▶ **Exercise description**
Each line in the records below, from the one that contains "blk = doc.blocks.new('Carimate" to the one that contains "h = blk.add_hatch(color=256, dxfattribs=at)", should be reproduced exactly, the first and last included.
────────────────────
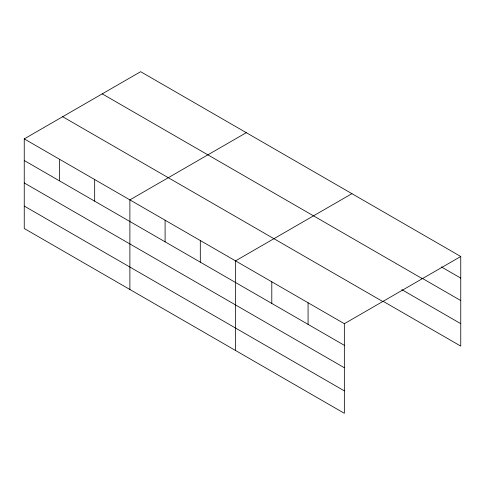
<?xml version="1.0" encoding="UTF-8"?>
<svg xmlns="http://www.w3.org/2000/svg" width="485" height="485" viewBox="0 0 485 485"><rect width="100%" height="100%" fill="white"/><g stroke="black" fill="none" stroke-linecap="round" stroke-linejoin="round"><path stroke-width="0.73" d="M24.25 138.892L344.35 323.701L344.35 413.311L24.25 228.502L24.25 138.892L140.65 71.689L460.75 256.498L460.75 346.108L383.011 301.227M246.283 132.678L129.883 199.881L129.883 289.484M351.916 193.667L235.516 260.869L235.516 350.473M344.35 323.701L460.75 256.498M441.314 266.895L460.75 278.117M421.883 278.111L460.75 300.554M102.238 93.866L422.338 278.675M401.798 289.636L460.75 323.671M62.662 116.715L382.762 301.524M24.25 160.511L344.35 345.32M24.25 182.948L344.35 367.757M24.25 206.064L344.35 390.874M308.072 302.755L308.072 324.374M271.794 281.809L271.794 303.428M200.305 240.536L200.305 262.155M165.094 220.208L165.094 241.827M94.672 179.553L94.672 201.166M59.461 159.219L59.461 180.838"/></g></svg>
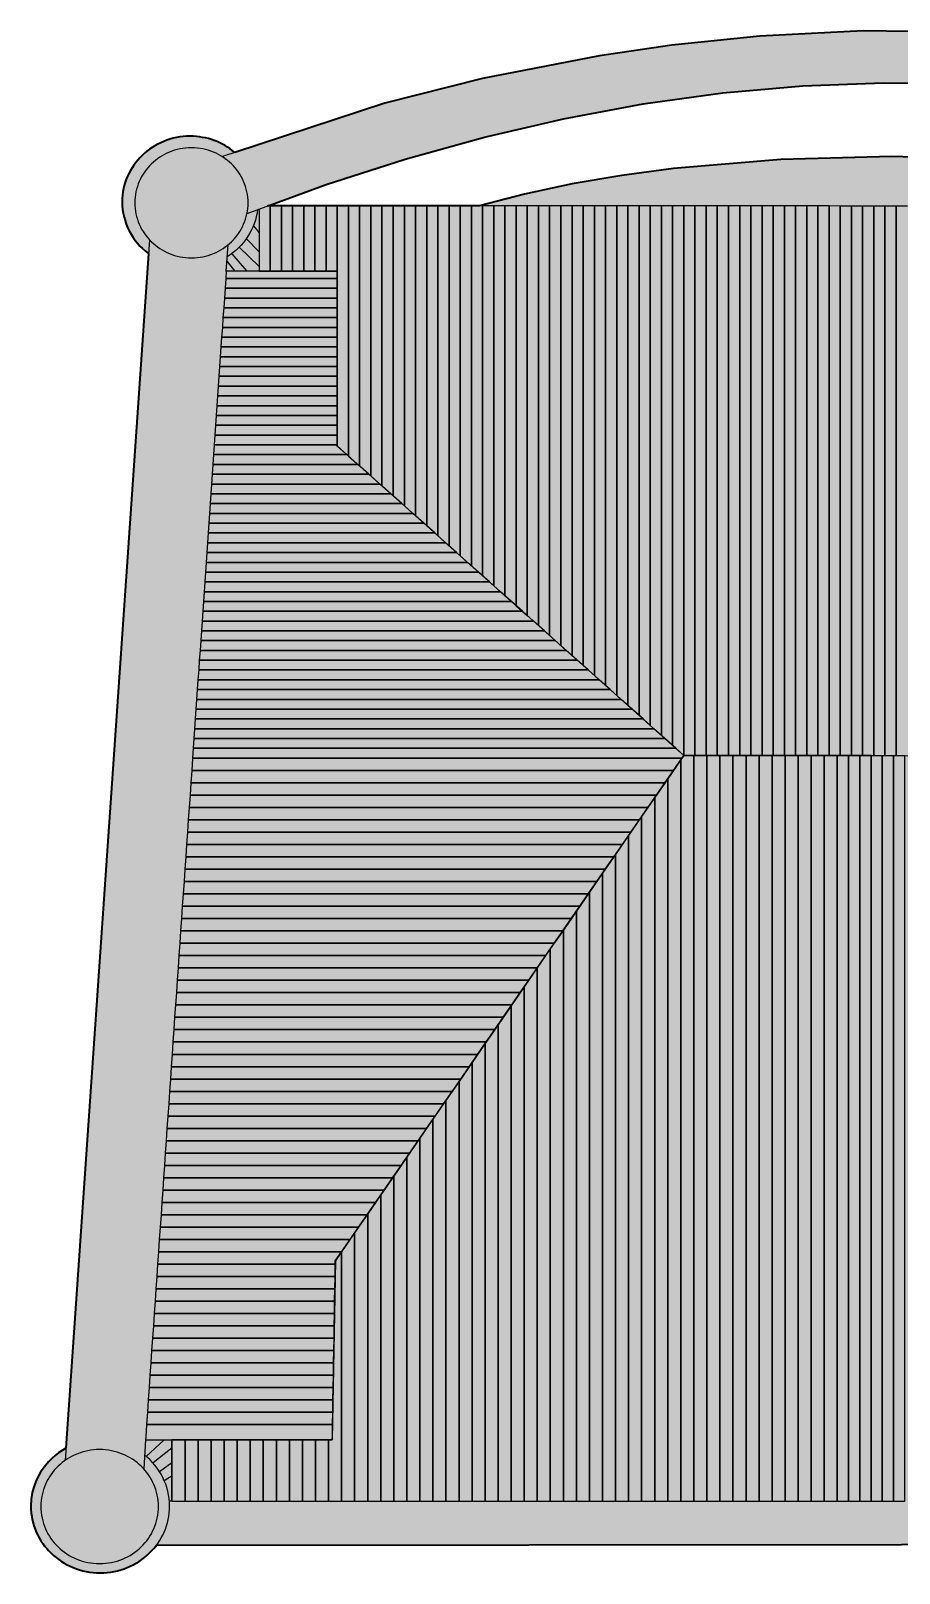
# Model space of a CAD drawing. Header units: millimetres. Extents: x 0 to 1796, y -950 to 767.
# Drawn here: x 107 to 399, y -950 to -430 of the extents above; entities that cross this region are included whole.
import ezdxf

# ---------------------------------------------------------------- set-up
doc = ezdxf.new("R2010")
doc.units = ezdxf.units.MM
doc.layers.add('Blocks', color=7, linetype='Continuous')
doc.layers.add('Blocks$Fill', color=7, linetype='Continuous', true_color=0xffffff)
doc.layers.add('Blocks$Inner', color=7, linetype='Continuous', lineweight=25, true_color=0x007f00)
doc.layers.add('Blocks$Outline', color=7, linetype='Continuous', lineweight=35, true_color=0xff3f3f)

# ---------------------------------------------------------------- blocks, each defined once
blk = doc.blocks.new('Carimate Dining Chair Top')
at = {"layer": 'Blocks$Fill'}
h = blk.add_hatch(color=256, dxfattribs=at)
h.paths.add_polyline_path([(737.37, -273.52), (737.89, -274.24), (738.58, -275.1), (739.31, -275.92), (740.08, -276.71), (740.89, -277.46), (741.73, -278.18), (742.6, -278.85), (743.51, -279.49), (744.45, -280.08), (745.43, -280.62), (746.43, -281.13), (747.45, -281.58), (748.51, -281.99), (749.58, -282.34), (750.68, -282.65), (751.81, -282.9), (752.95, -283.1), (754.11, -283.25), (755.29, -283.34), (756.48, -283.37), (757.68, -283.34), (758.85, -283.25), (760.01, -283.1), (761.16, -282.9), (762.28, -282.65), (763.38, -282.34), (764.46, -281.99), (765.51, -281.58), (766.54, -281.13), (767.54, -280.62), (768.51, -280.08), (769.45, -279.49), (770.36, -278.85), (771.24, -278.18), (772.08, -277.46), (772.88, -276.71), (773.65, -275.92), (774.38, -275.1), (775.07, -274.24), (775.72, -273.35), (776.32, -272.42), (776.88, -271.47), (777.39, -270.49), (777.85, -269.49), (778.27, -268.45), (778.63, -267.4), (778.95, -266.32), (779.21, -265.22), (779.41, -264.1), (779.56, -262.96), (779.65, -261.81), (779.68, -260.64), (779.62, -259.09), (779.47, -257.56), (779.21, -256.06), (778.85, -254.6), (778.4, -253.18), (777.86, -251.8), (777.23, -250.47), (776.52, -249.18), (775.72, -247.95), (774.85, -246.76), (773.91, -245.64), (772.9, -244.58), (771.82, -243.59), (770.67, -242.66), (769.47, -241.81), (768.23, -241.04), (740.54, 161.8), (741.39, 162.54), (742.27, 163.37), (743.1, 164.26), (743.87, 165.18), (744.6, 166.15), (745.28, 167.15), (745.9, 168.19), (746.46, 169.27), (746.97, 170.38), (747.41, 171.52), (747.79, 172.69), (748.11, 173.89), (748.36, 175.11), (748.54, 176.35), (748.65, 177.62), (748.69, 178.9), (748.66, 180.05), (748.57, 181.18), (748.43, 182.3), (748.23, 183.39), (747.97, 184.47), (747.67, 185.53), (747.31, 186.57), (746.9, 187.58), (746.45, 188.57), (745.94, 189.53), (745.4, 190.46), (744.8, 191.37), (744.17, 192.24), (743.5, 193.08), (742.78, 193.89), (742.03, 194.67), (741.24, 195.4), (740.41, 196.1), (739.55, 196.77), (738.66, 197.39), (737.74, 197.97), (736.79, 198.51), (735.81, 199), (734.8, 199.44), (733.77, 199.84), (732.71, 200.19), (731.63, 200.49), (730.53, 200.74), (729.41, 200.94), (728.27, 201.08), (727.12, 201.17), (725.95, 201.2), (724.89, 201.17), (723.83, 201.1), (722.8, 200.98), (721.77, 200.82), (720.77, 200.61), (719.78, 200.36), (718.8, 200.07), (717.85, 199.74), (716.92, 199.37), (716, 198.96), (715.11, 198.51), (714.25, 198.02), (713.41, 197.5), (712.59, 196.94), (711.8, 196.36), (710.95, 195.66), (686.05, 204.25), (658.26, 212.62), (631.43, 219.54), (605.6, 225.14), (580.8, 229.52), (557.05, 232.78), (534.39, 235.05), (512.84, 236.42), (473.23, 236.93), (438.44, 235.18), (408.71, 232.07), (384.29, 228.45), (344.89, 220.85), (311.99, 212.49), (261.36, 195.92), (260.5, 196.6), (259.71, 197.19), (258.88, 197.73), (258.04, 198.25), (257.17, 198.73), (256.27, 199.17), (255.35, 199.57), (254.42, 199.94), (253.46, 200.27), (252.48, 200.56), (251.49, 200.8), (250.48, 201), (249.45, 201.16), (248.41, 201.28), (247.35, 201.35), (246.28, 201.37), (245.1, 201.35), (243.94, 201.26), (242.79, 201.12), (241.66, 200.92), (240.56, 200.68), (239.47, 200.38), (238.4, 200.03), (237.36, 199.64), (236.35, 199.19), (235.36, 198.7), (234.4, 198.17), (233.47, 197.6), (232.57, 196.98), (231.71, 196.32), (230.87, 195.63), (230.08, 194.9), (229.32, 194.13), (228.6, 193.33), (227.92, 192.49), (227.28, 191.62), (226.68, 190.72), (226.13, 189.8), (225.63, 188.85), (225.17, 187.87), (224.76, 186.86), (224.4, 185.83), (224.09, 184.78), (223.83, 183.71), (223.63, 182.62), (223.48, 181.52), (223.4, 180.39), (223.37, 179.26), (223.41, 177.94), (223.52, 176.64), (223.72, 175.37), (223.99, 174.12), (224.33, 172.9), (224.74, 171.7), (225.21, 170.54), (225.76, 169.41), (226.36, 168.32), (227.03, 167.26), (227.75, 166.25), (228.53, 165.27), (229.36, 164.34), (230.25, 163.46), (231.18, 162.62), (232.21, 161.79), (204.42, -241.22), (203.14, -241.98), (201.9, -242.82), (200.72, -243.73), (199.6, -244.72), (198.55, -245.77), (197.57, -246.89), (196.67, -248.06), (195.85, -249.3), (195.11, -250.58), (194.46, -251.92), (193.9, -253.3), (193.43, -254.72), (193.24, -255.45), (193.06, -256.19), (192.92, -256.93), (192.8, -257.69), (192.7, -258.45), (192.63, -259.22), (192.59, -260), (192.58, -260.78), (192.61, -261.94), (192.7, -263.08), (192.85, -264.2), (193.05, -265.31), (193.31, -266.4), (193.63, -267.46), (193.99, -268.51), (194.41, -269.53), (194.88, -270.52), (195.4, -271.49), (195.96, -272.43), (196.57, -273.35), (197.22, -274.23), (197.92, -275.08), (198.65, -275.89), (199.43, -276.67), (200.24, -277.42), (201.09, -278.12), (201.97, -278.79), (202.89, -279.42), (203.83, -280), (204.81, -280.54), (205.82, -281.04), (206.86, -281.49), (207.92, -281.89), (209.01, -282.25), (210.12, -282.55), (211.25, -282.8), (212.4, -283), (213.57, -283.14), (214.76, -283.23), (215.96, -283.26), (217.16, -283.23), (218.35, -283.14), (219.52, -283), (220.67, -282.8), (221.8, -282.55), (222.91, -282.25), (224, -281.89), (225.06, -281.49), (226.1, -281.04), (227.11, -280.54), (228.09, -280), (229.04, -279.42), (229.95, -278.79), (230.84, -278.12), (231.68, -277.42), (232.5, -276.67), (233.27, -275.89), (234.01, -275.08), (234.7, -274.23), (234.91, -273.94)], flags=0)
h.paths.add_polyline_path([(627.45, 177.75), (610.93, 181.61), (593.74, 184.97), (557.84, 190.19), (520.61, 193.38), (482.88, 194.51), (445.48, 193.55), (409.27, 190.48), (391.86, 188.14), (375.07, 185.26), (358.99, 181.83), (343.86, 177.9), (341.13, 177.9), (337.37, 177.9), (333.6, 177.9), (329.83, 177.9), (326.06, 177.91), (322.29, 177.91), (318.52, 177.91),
────────────────────
▶ **Exercise solution**
blk = doc.blocks.new('Carimate Dining Chair Top')
at = {"layer": 'Blocks$Fill'}
h = blk.add_hatch(color=256, dxfattribs=at)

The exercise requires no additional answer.